Major street in Kansas City, Missouri, United States

Bannister Road is a major east–west street in Kansas City, Missouri, US, replacing 95th Street. It stretches 10.9 mi from State Line Road at the Kansas-Missouri state line in the west to Route 350 and Unity Village in the east. It continues west as 95th Street into Kansas, and east as Colbern Road into Unity Village and Lee's Summit.

==Location==

- Western terminus: State Line Road
- Eastern terminus: Missouri Route 350

==History==
The City of Kansas City, Missouri, and Jackson County began developing a dirt road into Bannister Road in 1917, to be named after local businessman Frederick James Bannister. Born in Watertown, New York, in 1869, Bannister moved to Kansas City as a child in 1877. After establishing himself as a local lumber retailer, Bannister purchased a 280 acre tract of land along present-day Bannister Road in 1910. Here, he built the "La Cima" estate and operated an award-winning milk production facility for six years. Portions of the La Cima ranch were portioned off in 1945 following World War II to house returning soldiers and their families.

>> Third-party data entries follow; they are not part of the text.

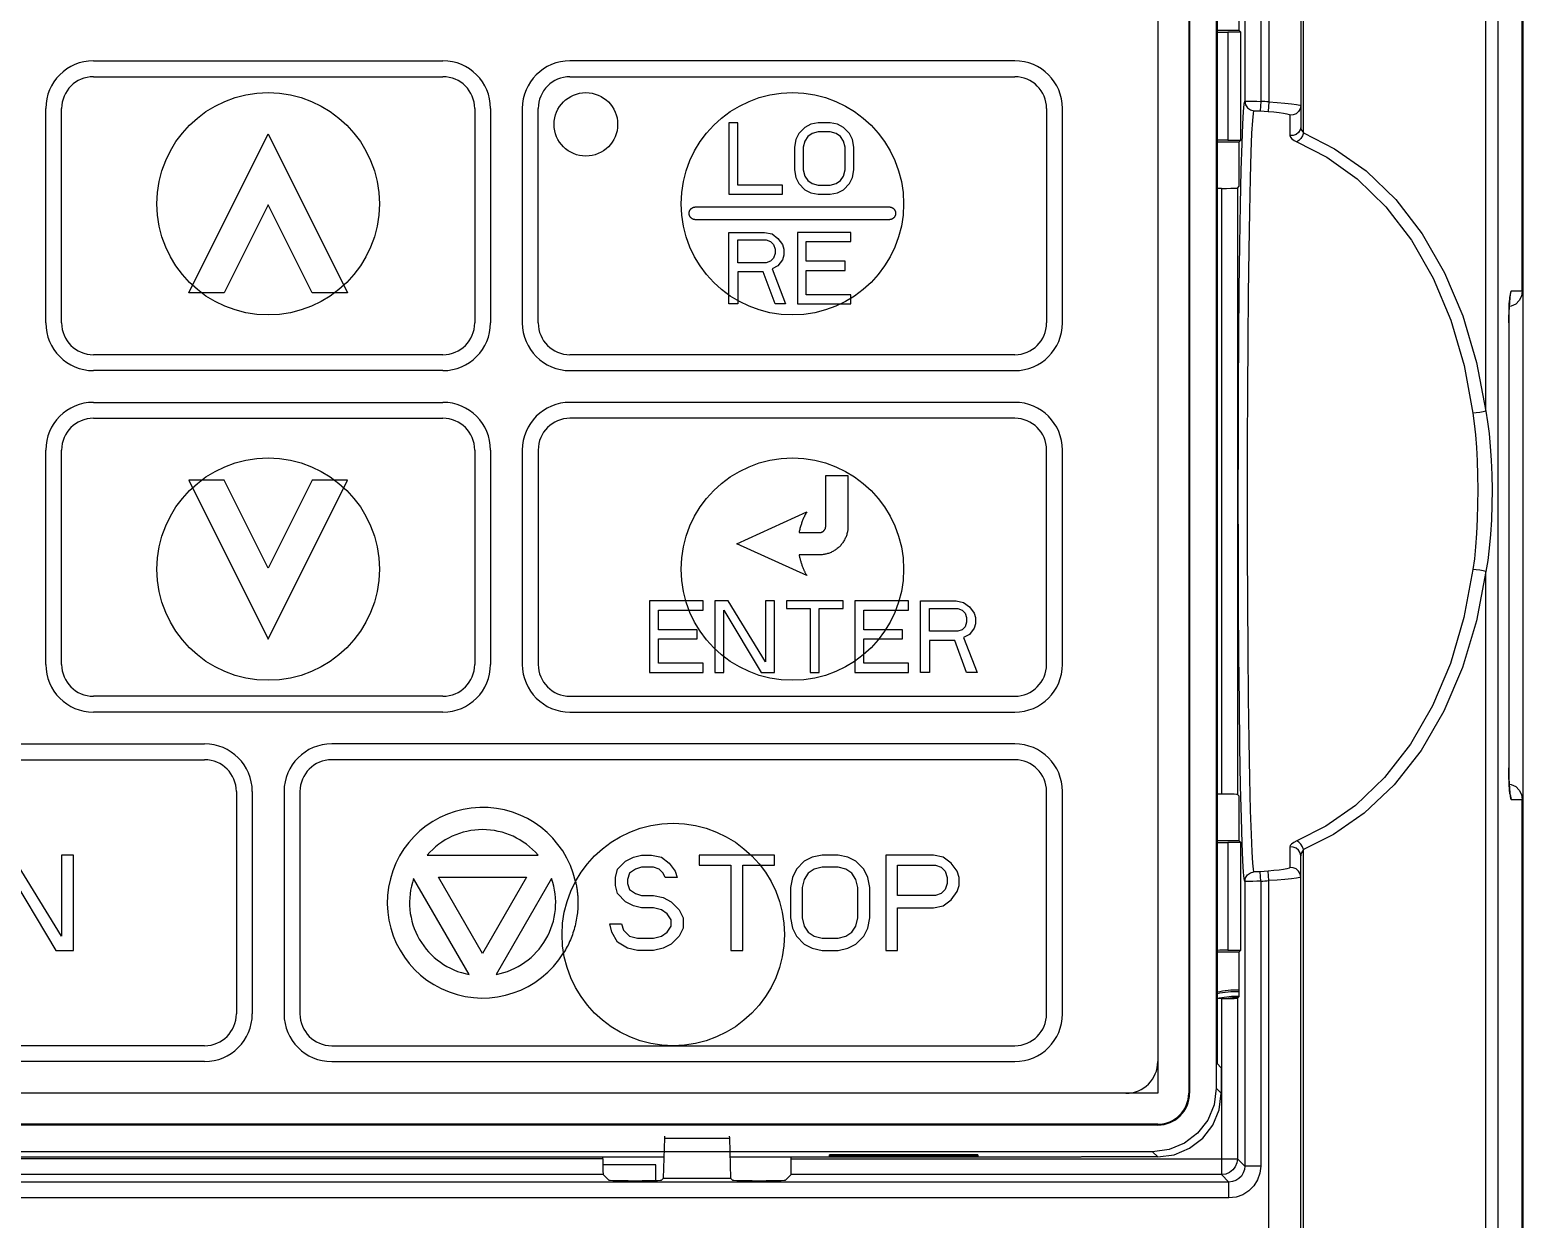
# Model space of a CAD drawing. Header units: inches. Extents: x 187 to 137830, y 99 to 66837.
# Drawn here: x 3068.48 to 3111.72, y 27705.41 to 27739.85 of the extents above; entities that cross this region are included whole.
import ezdxf

# ---------------------------------------------------------------- set-up
doc = ezdxf.new("R2010")
doc.units = ezdxf.units.IN
doc.header["$MEASUREMENT"] = 0
doc.layers.add('ALL_CURVE', color=7, linetype='Continuous')

msp = doc.modelspace()

# ---------------------------------------------------------------- linework, layer by layer
at = {"color": 7, "linetype": 'Continuous'}
for p, q in [((3111.698, 27732.282), (3111.698, 27788.441)), ((3111.722, 27584.162), (3111.722, 27788.441)), ((3101.142, 27788.172), (3101.142, 27709.052)), ((3102.038, 27788.172), (3102.038, 27709.052)), ((3102.062, 27788.172), (3102.062, 27709.052)), ((3102.834, 27788.025), (3102.834, 27709.2)), ((3103.664, 27788.126), (3103.664, 27737.782)), ((3104.124, 27788.126), (3104.123, 27737.778)), ((3104.362, 27788.126), (3104.362, 27737.761)), ((3105.282, 27788.126), (3105.282, 27737.043)), ((3105.366, 27736.864), (3105.366, 27788.097)), ((3110.645, 27728.809), (3110.645, 27780.122)), ((3111.001, 27678.462), (3111.001, 27780.122)), ((3102.86, 27743.151), (3102.86, 27709.913)), ((3103.503, 27739.826), (3103.503, 27741.113)), ((3103.503, 27739.826), (3102.86, 27739.826)), ((3103.172, 27739.778), (3103.172, 27736.654)), ((3103.551, 27739.778), (3103.172, 27739.778)), ((3103.503, 27739.826), (3103.551, 27739.778)), ((3103.551, 27736.654), (3103.551, 27739.778)), ((3104.124, 27737.778), (3104.107, 27737.503)), ((3104.362, 27737.761), (3104.339, 27737.486)), ((3104.968, 27737.383), (3104.968, 27736.786)), ((3102.86, 27736.606), (3103.503, 27736.606)), ((3103.172, 27736.654), (3103.551, 27736.654)), ((3103.503, 27736.606), (3103.551, 27736.654)), ((3103.503, 27735.319), (3103.503, 27736.606)), ((3102.99, 27735.258), (3102.86, 27735.258)), ((3102.99, 27735.258), (3102.99, 27717.714)), ((3103.45, 27735.266), (3103.503, 27735.319)), ((3103.45, 27735.266), (3103.45, 27717.706)), ((3111.722, 27733.202), (3111.698, 27733.201)), ((3111.698, 27732.282), (3111.373, 27732.282)), ((3111.324, 27731.964), (3111.317, 27731.82)), ((3111.308, 27731.362), (3111.308, 27718.482)), ((3111.309, 27731.362), (3111.308, 27731.362)), ((3111.309, 27731.362), (3111.309, 27718.482)), ((3110.645, 27678.462), (3110.645, 27724.163)), ((3111.309, 27718.482), (3111.308, 27718.482)), ((3102.99, 27717.714), (3102.86, 27717.714)), ((3103.45, 27717.706), (3103.425, 27717.709)), ((3103.503, 27717.653), (3103.45, 27717.706)), ((3111.317, 27718.022), (3111.324, 27717.88)), ((3103.503, 27716.366), (3103.503, 27717.653)), ((3111.373, 27717.562), (3111.698, 27717.562)), ((3111.698, 27678.462), (3111.698, 27717.562)), ((3111.722, 27716.642), (3111.698, 27716.643)), ((3103.503, 27716.366), (3102.86, 27716.366)), ((3103.172, 27716.318), (3103.172, 27713.194)), ((3103.551, 27716.318), (3103.172, 27716.318)), ((3103.503, 27716.366), (3103.551, 27716.318)), ((3103.551, 27713.194), (3103.551, 27716.318)), ((3104.968, 27716.187), (3104.968, 27715.589)), ((3105.366, 27678.462), (3105.366, 27716.109)), ((3105.282, 27678.462), (3105.282, 27715.929)), ((3103.664, 27715.19), (3103.664, 27706.944)), ((3104.124, 27715.194), (3104.107, 27715.47)), ((3104.123, 27715.194), (3104.124, 27706.944)), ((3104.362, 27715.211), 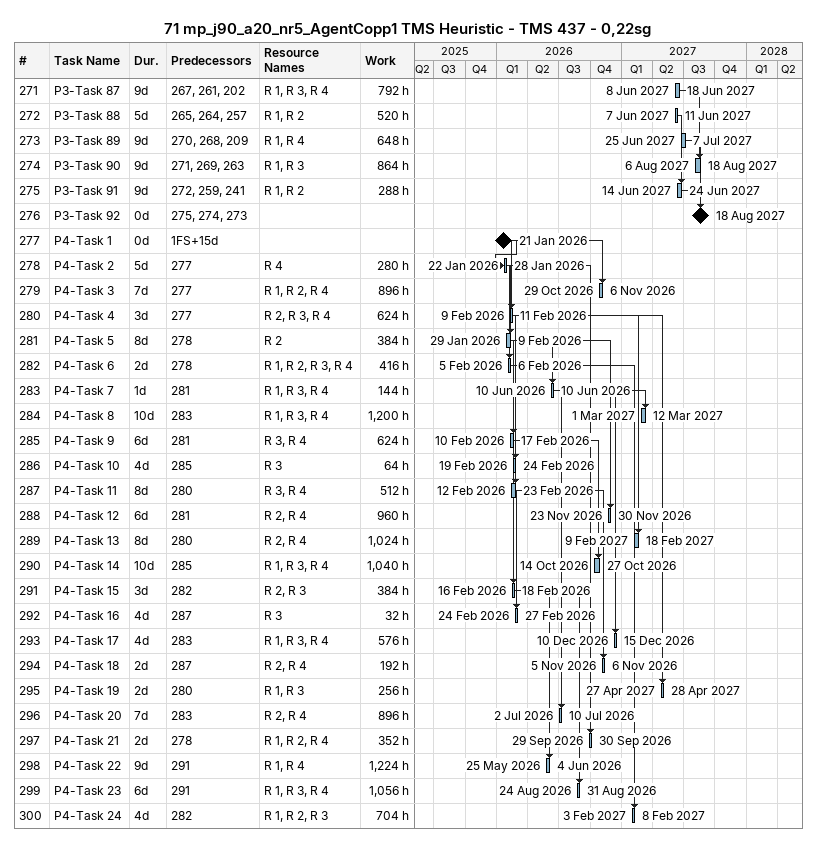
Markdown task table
71 mp_j90_a20_nr5_AgentCopp1 TMS Heuristic - TMS 437 - 0,22sg

| ID | Task | Duration | Start | Finish | Predecessors | Resources | Work (h) |
|---|---|---|---|---|---|---|---|
| 271 | P3-Task 87 | 9d | 2027-06-08 | 2027-06-18 | 267, 261, 202 | R 1, R 3, R 4 | 792 |
| 272 | P3-Task 88 | 5d | 2027-06-07 | 2027-06-11 | 265, 264, 257 | R 1, R 2 | 520 |
| 273 | P3-Task 89 | 9d | 2027-06-25 | 2027-07-07 | 270, 268, 209 | R 1, R 4 | 648 |
| 274 | P3-Task 90 | 9d | 2027-08-06 | 2027-08-18 | 271, 269, 263 | R 1, R 3 | 864 |
| 275 | P3-Task 91 | 9d | 2027-06-14 | 2027-06-24 | 272, 259, 241 | R 1, R 2 | 288 |
| 276 | P3-Task 92 | 0d | 2027-08-18 | 2027-08-18 | 275, 274, 273 |  |  |
| 277 | P4-Task 1 | 0d | 2026-01-21 | 2026-01-21 | 1FS+15d |  |  |
| 278 | P4-Task 2 | 5d | 2026-01-22 | 2026-01-28 | 277 | R 4 | 280 |
| 279 | P4-Task 3 | 7d | 2026-10-29 | 2026-11-06 | 277 | R 1, R 2, R 4 | 896 |
| 280 | P4-Task 4 | 3d | 2026-02-09 | 2026-02-11 | 277 | R 2, R 3, R 4 | 624 |
| 281 | P4-Task 5 | 8d | 2026-01-29 | 2026-02-09 | 278 | R 2 | 384 |
| 282 | P4-Task 6 | 2d | 2026-02-05 | 2026-02-06 | 278 | R 1, R 2, R 3, R 4 | 416 |
| 283 | P4-Task 7 | 1d | 2026-06-10 | 2026-06-10 | 281 | R 1, R 3, R 4 | 144 |
| 284 | P4-Task 8 | 10d | 2027-03-01 | 2027-03-12 | 283 | R 1, R 3, R 4 | 1200 |
| 285 | P4-Task 9 | 6d | 2026-02-10 | 2026-02-17 | 281 | R 3, R 4 | 624 |
| 286 | P4-Task 10 | 4d | 2026-02-19 | 2026-02-24 | 285 | R 3 | 64 |
| 287 | P4-Task 11 | 8d | 2026-02-12 | 2026-02-23 | 280 | R 3, R 4 | 512 |
| 288 | P4-Task 12 | 6d | 2026-11-23 | 2026-11-30 | 281 | R 2, R 4 | 960 |
| 289 | P4-Task 13 | 8d | 2027-02-09 | 2027-02-18 | 280 | R 2, R 4 | 1024 |
| 290 | P4-Task 14 | 10d | 2026-10-14 | 2026-10-27 | 285 | R 1, R 3, R 4 | 1040 |
| 291 | P4-Task 15 | 3d | 2026-02-16 | 2026-02-18 | 282 | R 2, R 3 | 384 |
| 292 | P4-Task 16 | 4d | 2026-02-24 | 2026-02-27 | 287 | R 3 | 32 |
| 293 | P4-Task 17 | 4d | 2026-12-10 | 2026-12-15 | 283 | R 1, R 3, R 4 | 576 |
| 294 | P4-Task 18 | 2d | 2026-11-05 | 2026-11-06 | 287 | R 2, R 4 | 192 |
| 295 | P4-Task 19 | 2d | 2027-04-27 | 2027-04-28 | 280 | R 1, R 3 | 256 |
| 296 | P4-Task 20 | 7d | 2026-07-02 | 2026-07-10 | 283 | R 2, R 4 | 896 |
| 297 | P4-Task 21 | 2d | 2026-09-29 | 2026-09-30 | 278 | R 1, R 2, R 4 | 352 |
| 298 | P4-Task 22 | 9d | 2026-05-25 | 2026-06-04 | 291 | R 1, R 4 | 1224 |
| 299 | P4-Task 23 | 6d | 2026-08-24 | 2026-08-31 | 291 | R 1, R 3, R 4 | 1056 |
| 300 | P4-Task 24 | 4d | 2027-02-03 | 2027-02-08 | 282 | R 1, R 2, R 3 | 704 |

Senator Harry S. Truman broke ground on the Bannister Federal Complex, located at the intersection with Troost Avenue, in 1942 following the World War II attack on Pearl Harbor. The site was occupied predominantly by the Department of Energy and the General Services Administration, but also intermittently hosted the Internal Revenue Service, Atomic Energy Commission, National Nuclear Security Administration, National Archives and Records Administration, and government offices in the Department of Defense. Added to the National Register of Historic Places in 2013, the site was decommissioned in 2017.

Bannister Road west of Wornall Road began appearing on maps published by the Missouri State Highway Commission in 1938. By 1940, the Bannister Road-Colbern Road system was appearing as state Supplementary Route 8-S. The growing importance of the Bannister Federal Complex during World War II and standardization of state's supplemental route system led to Route 8-S being renamed Route W within Kansas City, Missouri, city limits: east of Wornall Road to U.S. Route 71 in 1944, and west to State Line Road in 1945. The remaining segment, U.S. Route 71 east to State Route 350, lost supplemental route designation entirely in 1964, though Route W is maintained to the present.

The land surrounding Bannister Road was incorporated into Kansas City, Missouri, in two waves: The western portion, from State Line Road east to U.S. Route 71, was annexed in 1958 followed by the eastern portion, stretching to Route 350, in 1961.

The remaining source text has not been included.